Was about using very simple counting techniques with mass volumes of data and variables, comparing how often certain conditions (such as header values/orders, request timings etc.) occur together. Using these you can identify patterns of how normal requests look and detect anomalous patterns used by attackers. This approach is simple, works “well enough” to detect attackers who cannot know in advance the internals of your servers to mask themselves.
If you have an interest in security take a look at the talk.
Ted Dunning is a rock star, notice the abnormal co-occurrence of female audience members in the front row.
Videos for the keynotes aren’t published but I thought I should recognise some of the really interesting ones.
Data is beautiful – David McCandless
Standout talk from David McCandless with a focus on how to use visualisations to show complex relationships and share insights, data visualisation as a language.

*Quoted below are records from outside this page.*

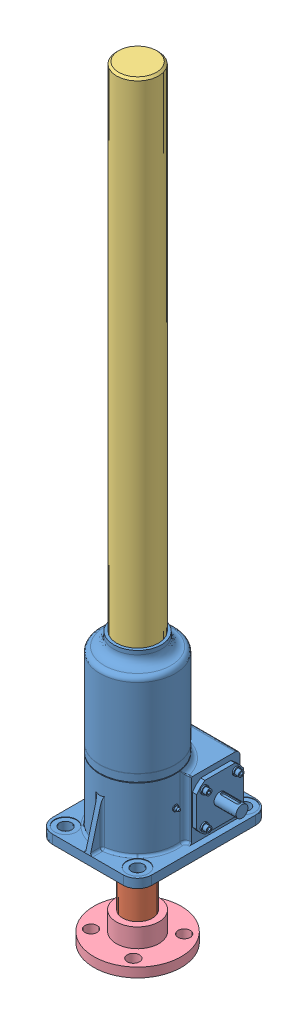
SolidWorks assembly EM20_BSJ_I_24_1_SSE_1_SSE_2_FP_1000_S, configuration Valor predeterminado. Lengths in mm.
4 component instances, 4 part files, 4 mates.
Components (placement in the parent):
- housing_I-SSE-SSE-1: housing_I-SSE-SSE [Valor predeterminado] at origin size (295.88 395.35 280.34)
- UILiftShaft_20-BSJ-I-1: UILiftShaft_20-BSJ-I [Valor predeterminado] at (0 1272.0598 0) x (0.783056 0 -0.621951) z (0 1 0) size (66 66 1467.1)
- UIStemCover_20-BSJ-I-1: UIStemCover_20-BSJ-I [Valor predeterminado] at (0 375.2735 0) x (1 0 0) z (0 1 0) size (89 89 1045)
- Top-Plate_20-BSJ-I-1: Top-Plate_20-BSJ-I [Valor predeterminado] at (0 -175.0404 0) x (0 1 0) z (-0.768397 0 0.639974) size (60 185 185)
Mates (geometry in assembly coordinates):
- Concêntrico1: concentric aligned: cylinder of housing_I-SSE-SSE-1 through (0 375.7735 0) axis (0 -1 0) radius 32.75; cylinder of UILiftShaft_20-BSJ-I-1 through (0 1272.0598 0) axis (0 -1 0) radius 31.5
- Coincidente1: coordinate: point of housing_I-SSE-SSE-1; point of assembly
- Concêntrico2: concentric aligned: cylinder of UILiftShaft_20-BSJ-I-1 through (0 1272.0598 0) axis (0 -1 0) radius 31.5; cylinder of Top-Plate_20-BSJ-I-1 through (0 -191.9999 0) axis (0 -1 0) radius 45
- Coincidente2: coincident anti-aligned: plane of UILiftShaft_20-BSJ-I-1 through (-19.5915 -135.0404 -24.6663) normal (0 -1 0); plane of Top-Plate_20-BSJ-I-1 through (-28.7988 -135.0404 -34.5779) normal (0 1 0)
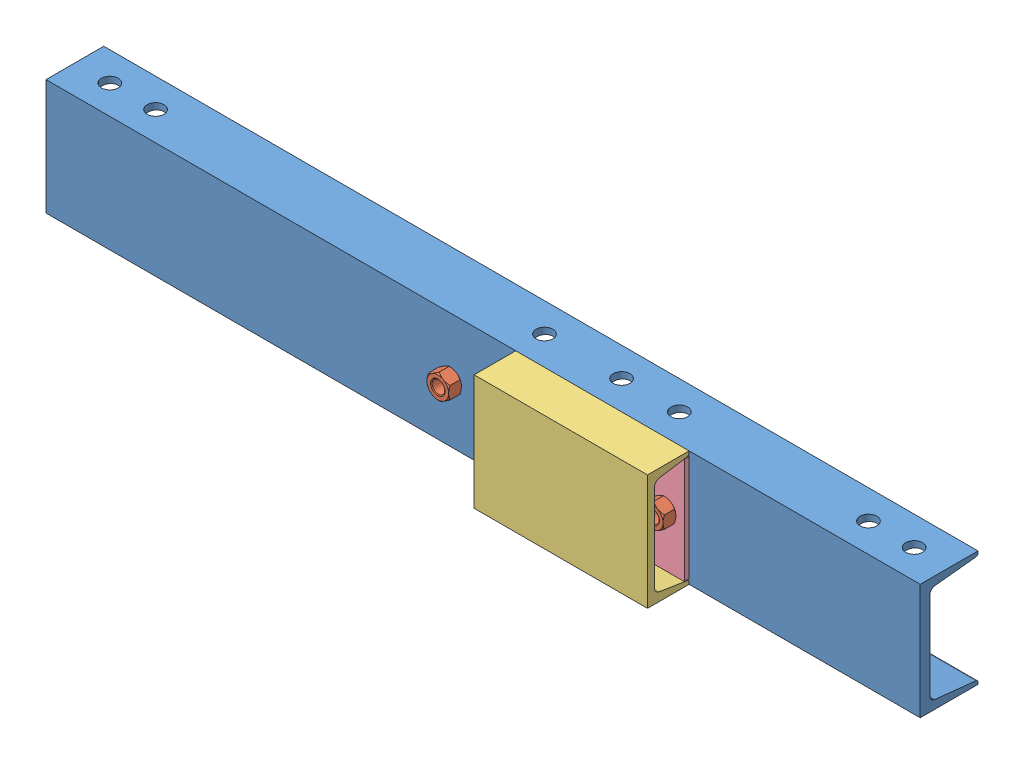
SolidWorks assembly 01-116-00-0, configuration Default. Lengths in mm.
Overall size (1152.53 152.4 131.06).
7 component instances, 4 part files, 16 mates.
Components (placement in the parent):
- 01-115-00-0-1: 01-115-00-0 [Default] at (0 -25.3019 0) size (1152.53 152.4 76.2)
- hex nut_ai-1: hex nut_ai [HNUT 0.7500-10-D-C] at (-42.8625 -25.3019 65.6971) size (28.57 33 16.89)
- 01-034-00-0-1: 01-034-00-0 [Default] at (157.2895 -25.3019 78.3336) size (228.6 152.4 54.86)
- Compression Spacer backing plate-1: Compression Spacer backing plate [Default] at (271.5895 -95.1519 55.1561) x (0 1 0) z (-1 0 0) size (139.7 6.35 50.8)
- Compression Spacer backing plate-2: Compression Spacer backing plate [Default] at (93.7895 44.5481 48.8061) x (0 -1 0) z (-1 0 0) size (139.7 6.35 50.8)
- hex nut_ai-2: hex nut_ai [HNUT 0.7500-10-D-C] at (68.3895 -25.3019 72.0471) size (28.57 33 16.89)
- hex nut_ai-3: hex nut_ai [HNUT 0.7500-10-D-C] at (246.1895 -25.3019 72.0471) size (28.57 33 16.89)
Mates (geometry in assembly coordinates):
- Concentric11: concentric: cylinder of 01-115-00-0-1 through (-82.55 0 27.3949) axis (0 0 -1) radius 9.525; cylinder of hex nut_ai-1 through (-82.55 0 19.2474) axis (0 0 1) radius 9.525
- Coincident11: coincident anti-aligned: plane of 01-115-00-0-1 through (576.2625 -101.5019 48.8061) normal (0 0 1); plane of hex nut_ai-1 through (-42.8625 -8.8041 48.8061) normal (0 0 -1)
- Coincident1125: coincident anti-aligned: plane of 01-115-00-0-1 through (576.2625 -101.5019 48.8061) normal (0 0 1); plane of 01-034-00-0-1 through (271.5895 -101.5019 48.8061) normal (0 0 -1)
- Distance1: distance = 847.852 mm anti-aligned: plane of 01-034-00-0-1 through (271.5895 -99.0126 51.8541) normal (1 0 0); plane of 01-115-00-0-1 through (-576.2625 -99.0126 -24.3459) normal (-1 0 0)
- Concentric12: concentric anti-aligned: cylinder of 01-115-00-0-1 through (-42.8625 -25.3019 48.8061) axis (0 0 -1) radius 11.1125; cylinder of hex nut_ai-1 through (-42.8625 -25.3019 48.8061) axis (0 0 1) radius 8.3337
- Coincident1129: coincident anti-aligned: plane of 01-115-00-0-1 through (576.2625 -101.5019 48.8061) normal (0 0 1); plane of Compression Spacer backing plate-1 through (271.5895 -95.1519 48.8061) normal (0 0 -1)
- Coincident1130: coincident aligned: plane of 01-034-00-0-1 through (271.5895 -99.0126 51.8541) normal (1 0 0); plane of Compression Spacer backing plate-1 through (271.5895 -95.1519 48.8061) normal (1 0 0)
- Distance3: distance = 6.35 mm aligned: plane of Compression Spacer backing plate-1 through (271.5895 -95.1519 48.8061) normal (0 -1 0); plane of 01-115-00-0-1 through (576.2625 -101.5019 48.8061) normal (0 -1 0)
- Coincident1133: coincident anti-aligned: plane of 01-115-00-0-1 through (576.2625 -101.5019 48.8061) normal (0 0 1); plane of Compression Spacer backing plate-2 through (93.7895 44.5481 48.8061) normal (0 0 -1)
- Coincident1134: coincident aligned: plane of 01-034-00-0-1 through (42.9895 -99.0126 51.8541) normal (-1 0 0); plane of Compression Spacer backing plate-2 through (42.9895 44.5481 55.1561) normal (-1 0 0)
- Distance4: distance = 6.35 mm aligned: plane of Compression Spacer backing plate-2 through (93.7895 -95.1519 55.1561) normal (0 -1 0); plane of 01-115-00-0-1 through (576.2625 -101.5019 48.8061) normal (0 -1 0)
- Coincident1136: coincident aligned: plane of 01-115-00-0-1 through (576.2625 -101.5019 48.8061) normal (0 -1 0); plane of 01-034-00-0-1 through (271.5895 -101.5019 103.6701) normal (0 -1 0)
- Concentric131: concentric aligned: cylinder of Compression Spacer backing plate-2 through (68.3895 -25.3019 48.8061) axis (0 0 1) radius 11.1125; cylinder of hex nut_ai-2 through (68.3895 -25.3019 47.0096) axis (0 0 1) radius 9.525
- Coincident11371: coincident anti-aligned: plane of Compression Spacer backing plate-2 through (93.7895 44.5481 55.1561) normal (0 0 1); plane of hex nut_ai-2 through (68.3895 -8.8041 55.1561) normal (0 0 -1)
- Concentric141: concentric anti-aligned: cylinder of Compression Spacer backing plate-1 through (246.1895 -25.3019 55.1561) axis (0 0 -1) radius 11.1125; cylinder of hex nut_ai-3 through (246.1895 -25.3019 47.0096) axis (0 0 1) radius 9.525
- Coincident11381: coincident anti-aligned: plane of Compression Spacer backing plate-1 through (271.5895 -95.1519 55.1561) normal (0 0 1); plane of hex nut_ai-3 through (246.1895 -8.8041 55.1561) normal (0 0 -1)

Lots of great visual examples, showing scale of costs of recent high profile events, timeline of ‘fear’ stories in the press and most common breakup times from scaping facebook.
Very interesting talk and I’m going to look up more about his work. Check out his visualisation twitter account for examples:
Technoethics – Emer Coleman – Irish gov
Talk about how big data is shaping society and how we should be considering the ethics of the software and services we are creating, both in private companies and government. Mentioned the UK’s snoopers charter, Facebook’s experiment in manipulating users emotions and Google’s ability to skew election results.
I do think we should consider the ethical impact of our work more in software development, trying to do more good and less ignoring the negative effects.